Greenstone Resources (UK) Limited is a private company limited by shares incorporated in England and Wales. The registered office Mermaid Cottage The Bay, St. Margarets Bay, Dover, Kent, CT15 6DY.
The financial statements are prepared in sterling, which is the functional currency of the company. Monetary amounts in these financial statements are rounded to the nearest £.
The financial statements have been prepared on a basis other than going concern given the intentions of the directors to liquidate the business.
The Company continues to have the financial support of the UK partnership, which remains dependent on revenue from its Guernsey affiliates, Greenstone Management Limited and Greenstone Management II Limited (investment managers to Greenstone Resources LP and Greenstone Resources II LP, respectively – “Funds”). Greenstone Resources LP is due to terminate in August 2025, and Greenstone Resources II LP is due to terminate in February 2026. It is anticipated the Funds will exit their remaining investments within the next 12 months, and accordingly, it is expected the LLP will have no revenue after this date. At this point the Directors intend to cease business and liquidate the structure. For this reason, they have prepared the financial statements on a basis other than going concern.

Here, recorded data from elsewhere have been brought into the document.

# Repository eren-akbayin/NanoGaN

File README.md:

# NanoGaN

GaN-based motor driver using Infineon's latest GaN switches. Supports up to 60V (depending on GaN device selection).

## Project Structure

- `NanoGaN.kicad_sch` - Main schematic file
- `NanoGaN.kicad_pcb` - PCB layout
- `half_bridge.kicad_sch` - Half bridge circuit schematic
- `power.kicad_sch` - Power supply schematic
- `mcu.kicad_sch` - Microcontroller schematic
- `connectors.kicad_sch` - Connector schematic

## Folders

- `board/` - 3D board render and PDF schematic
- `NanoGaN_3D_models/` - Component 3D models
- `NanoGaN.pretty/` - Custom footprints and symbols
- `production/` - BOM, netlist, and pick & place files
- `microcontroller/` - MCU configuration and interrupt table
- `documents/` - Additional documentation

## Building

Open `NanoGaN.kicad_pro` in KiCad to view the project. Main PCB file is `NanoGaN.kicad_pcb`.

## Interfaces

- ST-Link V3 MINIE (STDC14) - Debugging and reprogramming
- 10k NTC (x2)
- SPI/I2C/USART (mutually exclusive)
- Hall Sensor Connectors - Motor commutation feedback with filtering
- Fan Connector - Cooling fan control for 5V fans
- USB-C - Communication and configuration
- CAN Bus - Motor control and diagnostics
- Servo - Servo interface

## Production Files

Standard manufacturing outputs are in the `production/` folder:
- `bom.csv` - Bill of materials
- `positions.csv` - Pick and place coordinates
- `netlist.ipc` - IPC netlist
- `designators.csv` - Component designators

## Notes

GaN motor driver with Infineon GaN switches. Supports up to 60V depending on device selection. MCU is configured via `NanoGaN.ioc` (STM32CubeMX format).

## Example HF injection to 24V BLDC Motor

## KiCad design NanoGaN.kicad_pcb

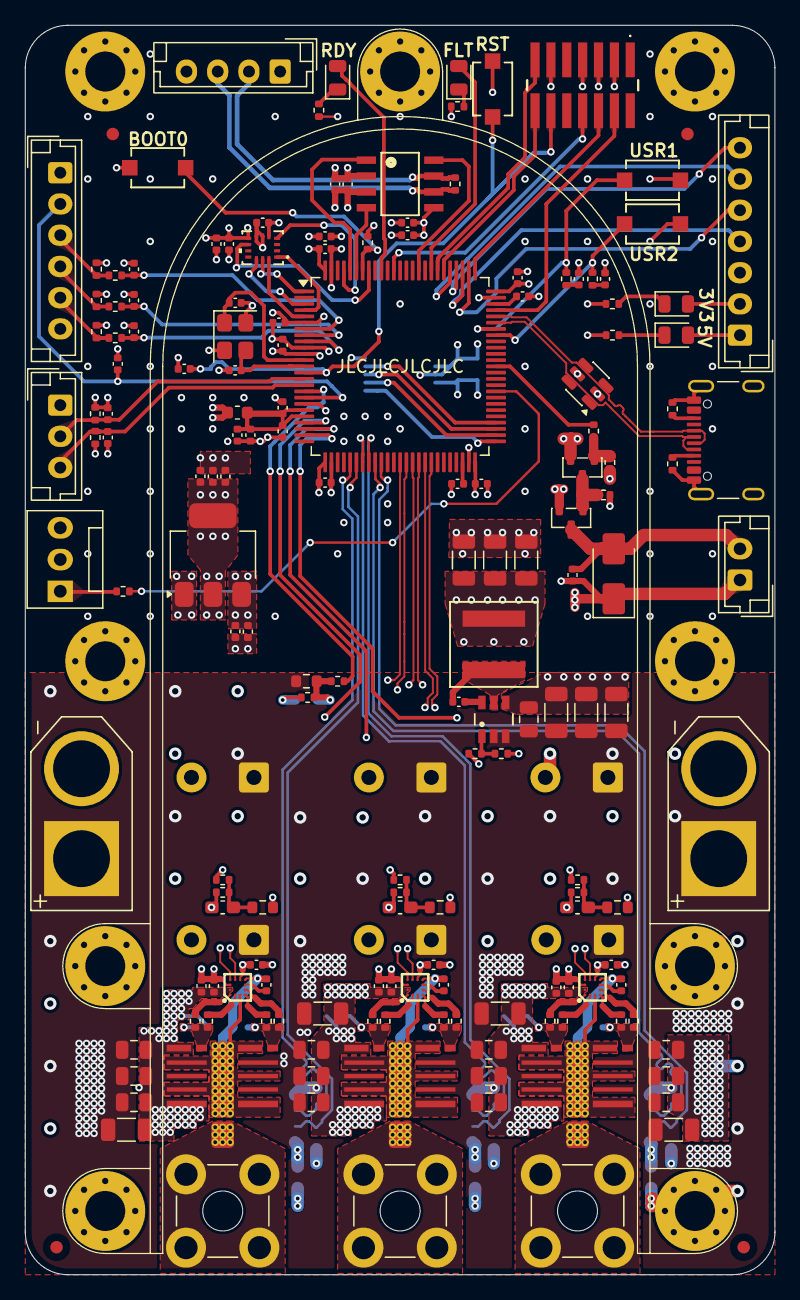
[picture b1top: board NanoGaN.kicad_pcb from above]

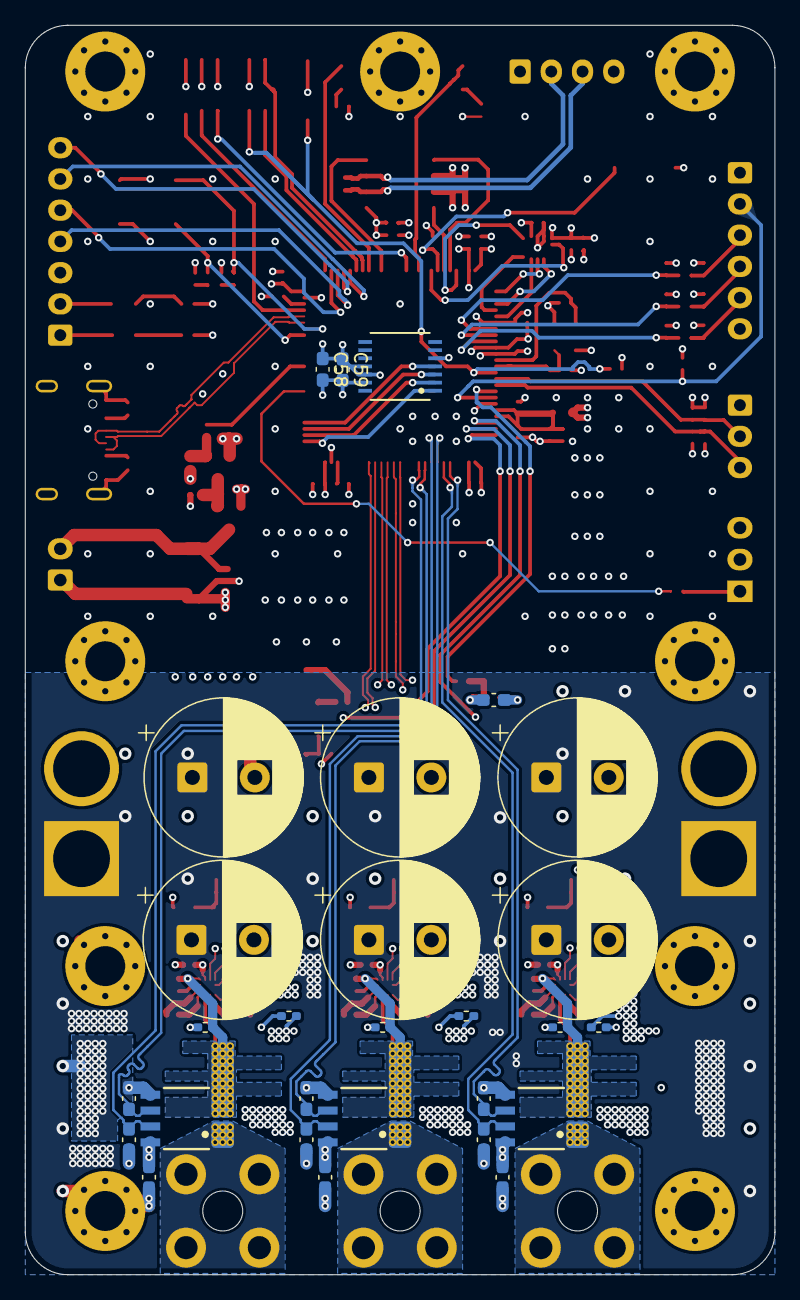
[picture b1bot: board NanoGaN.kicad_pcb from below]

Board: 6 copper layers, 60.0 x 100.0 mm, 212 parts (28 on the bottom side), 114 nets.

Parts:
C1, C2, C3, C17, C42, C46, C68: CL31B105KCHNNNE; C_1206_3216Metric
C4, C15, C30, C32, C44, C45, C47, C49, C50, C67, C81, C88, C90: CL21B104KCFNNNE; C_0805_2012Metric
C5: CL05B104KO5NNNC; C_0402_1005Metric
C6, C82, C86: CL31A476MPHNNNE; C_1206_3216Metric
C7, C8, C37, C40, C71, C79, C93: CL05A475MP5NRNC; C_0402_1005Metric
C9, C16, C23, C41, C52, C53, C54, C63, C65: CL05B105KQ5NQNC; C_0402_1005Metric
C10, C20, C21, C22, C29, C31, C34, C43, C48, C51, C55, C56, C57, C64, C66, C72, C73, C74, C75, C76, C77, C78, C80: 0402B104K6R3CT; C_0402_1005Metric
C11, C12, C13, C14, C27, C35: EKYC800ELL471MK25S; CP_Radial_D12.5mm_P5.00mm
C18, C24, C25, C26, C28, C33, C36, C38, C39, C58, C59, C85, C87, C89, C91: C_0603_1608Metric_Pad1.08x0.95mm_HandSolder
C19, C60, C61, C62, C94, C95: 0402B472K500NT; C_0402_1005Metric
C69, C70: 0402CG330J500NT; C_0402_1005Metric
C83, C84: CL05A225MQ5NSNC; C_0402_1005Metric
CC1: CoolingChannel
D1, D6: YELLOW; LED_0805_2012Metric
D2: USBLC6-2SC6; SOT-23-6
D3: SS54; D_SMA
D4: RED; LED_0805_2012Metric
D5: GREEN; LED_0805_2012Metric
FM1, FM2, FM3, FM4: Fiducial; Fiducial_1mm_Mask2mm
HB_PAD_U: HB_PAD
HS1: Heatsink; ICK_S
J1, J2: XT60-M; AMASS_XT60-M
J3: Phase_U; Wuerth_REDCUBE-THR_WP-THRBU_74650073_THR
J4: Phase_V; Wuerth_REDCUBE-THR_WP-THRBU_74650073_THR
J5: Phase_W; Wuerth_REDCUBE-THR_WP-THRBU_74650073_THR
J6: FTSH-107-01-L-DV-K-TR; FTSH10701LDVKTR
J7: Conn_01x03; JST_EH_B3B-EH-A_1x03_P2.50mm_Vertical
J8: Conn_01x02; JST_EH_B2B-EH-A_1x02_P2.50mm_Vertical
J9: Conn_01x07; JST_EH_B7B-EH-A_1x07_P2.50mm_Vertical
J10: Conn_01x06; JST_EH_B6B-EH-A_1x06_P2.50mm_Vertical
J11: Conn_01x04; JST_EH_B4B-EH-A_1x04_P2.50mm_Vertical
J12: USB_C_Receptacle_USB2.0_16P; USB_C_Receptacle_GCT_USB4105-xx-A_16P_TopMnt_Horizontal
J14: Conn_01x03; FanPinHeader_1x03_P2.54mm_Vertical
L1: XAL6060-103ME; IND_XAL60XX-240H_COC
L2: FHW0603UC039JST; L_0603_1608Metric
MH1, MH2, MH3, MH4, MH5, MH6, MH7, MH8, MH9: M3; MountingHole_3.2mm_M3_Pad_Via
Q1, Q2, Q3, Q4, Q5, Q6: IGC019S06S1XTMA1; IFX-PG-TSON-6-2-V
Q7, Q8: AO3400A; SOT-23_3
R1: 0402WGF1003TCE; R_0402_1005Metric
R2: 0402WGF1912TCE; R_0402_1005Metric
R3, R43, R58, R59, R60: 0402WGF2200TCE; R_0402_1005Metric
R4, R10, R20, R28: 0603WAF3902T5E; R_0603_1608Metric
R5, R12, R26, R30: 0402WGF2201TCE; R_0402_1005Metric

The directors review the carrying value of the investment on an annual basis. This review is based on a number of sources, including net asset position, expected future performance and cashflow of the investment. No impairment is recognised in the year end financial statements.
Basic financial assets, which include debtors, are initially measured at transaction price including transaction costs and are subsequently carried at amortised cost using the effective interest method unless the arrangement constitutes a financing transaction, where the transaction is measured at the present value of the future receipts discounted at a market rate of interest. Financial assets classified as receivable within one year are not amortised.
Financial liabilities and equity instruments are classified according to the substance of the contractual arrangements entered into. An equity instrument is any contract that evidences a residual interest in the assets of the company after deducting all of its liabilities.
Basic financial liabilities, including creditors, bank loans, loans from fellow group companies and preference shares that are classified as debt, are initially recognised at transaction price unless the arrangement constitutes a financing transaction, where the debt instrument is measured at the present value of the future payments discounted at a market rate of interest. Financial liabilities classified as payable within one year are not amortised.
Debt instruments are subsequently carried at amortised cost, using the effective interest rate method.
Trade creditors are obligations to pay for goods or services that have been acquired in the ordinary course of business from suppliers. Amounts payable are classified as current liabilities if payment is due within one year or less. If not, they are presented as non-current liabilities. Trade creditors are recognised initially at transaction price and subsequently measured at amortised cost using the effective interest method.
Equity instruments issued by the company are recorded at the proceeds received, net of transaction costs. Dividends payable on equity instruments are recognised as liabilities once they are no longer at the discretion of the company.
Debtors
Debtors are recognised at the amount the company expects to receive on settlement of the balance.
Administrative expenses and creditors
Expenses are recognised on an accruals basis. Creditors represent any expense items that are unpaid at the year end. These amounts are recognised at the amount required to settle the obligation.
Investments in affiliates and non-consolidation
Investments are held at the lower of cost and net realisable value. Any impairment is recognised in the statement of comprehensive income.
Whilst the group holds a majority of the capital issued by the Partnership, it is deemed to not have control of this entity, accordingly, the company is not required to prepare consolidated financial statements that incorporate the financial results and position of the Partnership.
The average monthly number of persons (including directors) employed by the company during the year was:
As the income statement has been omitted from the filing copy of the financial statements, the following information in relation to the audit report on the statutory financial statements is provided in accordance with s444(5B) of the Companies Act 2006:
The auditor's report was unqualified.
Emphasis of matter - Financial statements prepared on a basis other than going concern
The Company continues to have the financial support of the UK partnership, which remains dependent on revenue from its Guernsey affiliates, Greenstone Management Limited and Greenstone Management II Limited (investment managers to Greenstone Resources LP and Greenstone Resources II LP, respectively – “Funds”). Greenstone Resources LP is due to terminate in August 2025, and Greenstone Resources II LP is due to terminate in February 2026. After the year-end, the Members made the decision to cease trading and liquidate the business upon termination of the Funds, which is expected to be within the next 12 months, ultimately ceasing financial support to the Company. For this reason, the financial statements have been prepared on a basis other than going concern.
During the year, a profit allocation of £11,015 (2023: £11,920) was allocated to the Company by Greenstone Capital LLP. As at 31 December 2024, the Company had £11,296 due from the Partnership (2023: £11,480). Professional fees of £11,198 inclusive of VAT (2023: £10,590) were paid on behalf of the Company by Greenstone Capital LLP during the year. This payment was used to cancel the prior year debtor due to the Company from the Partnership.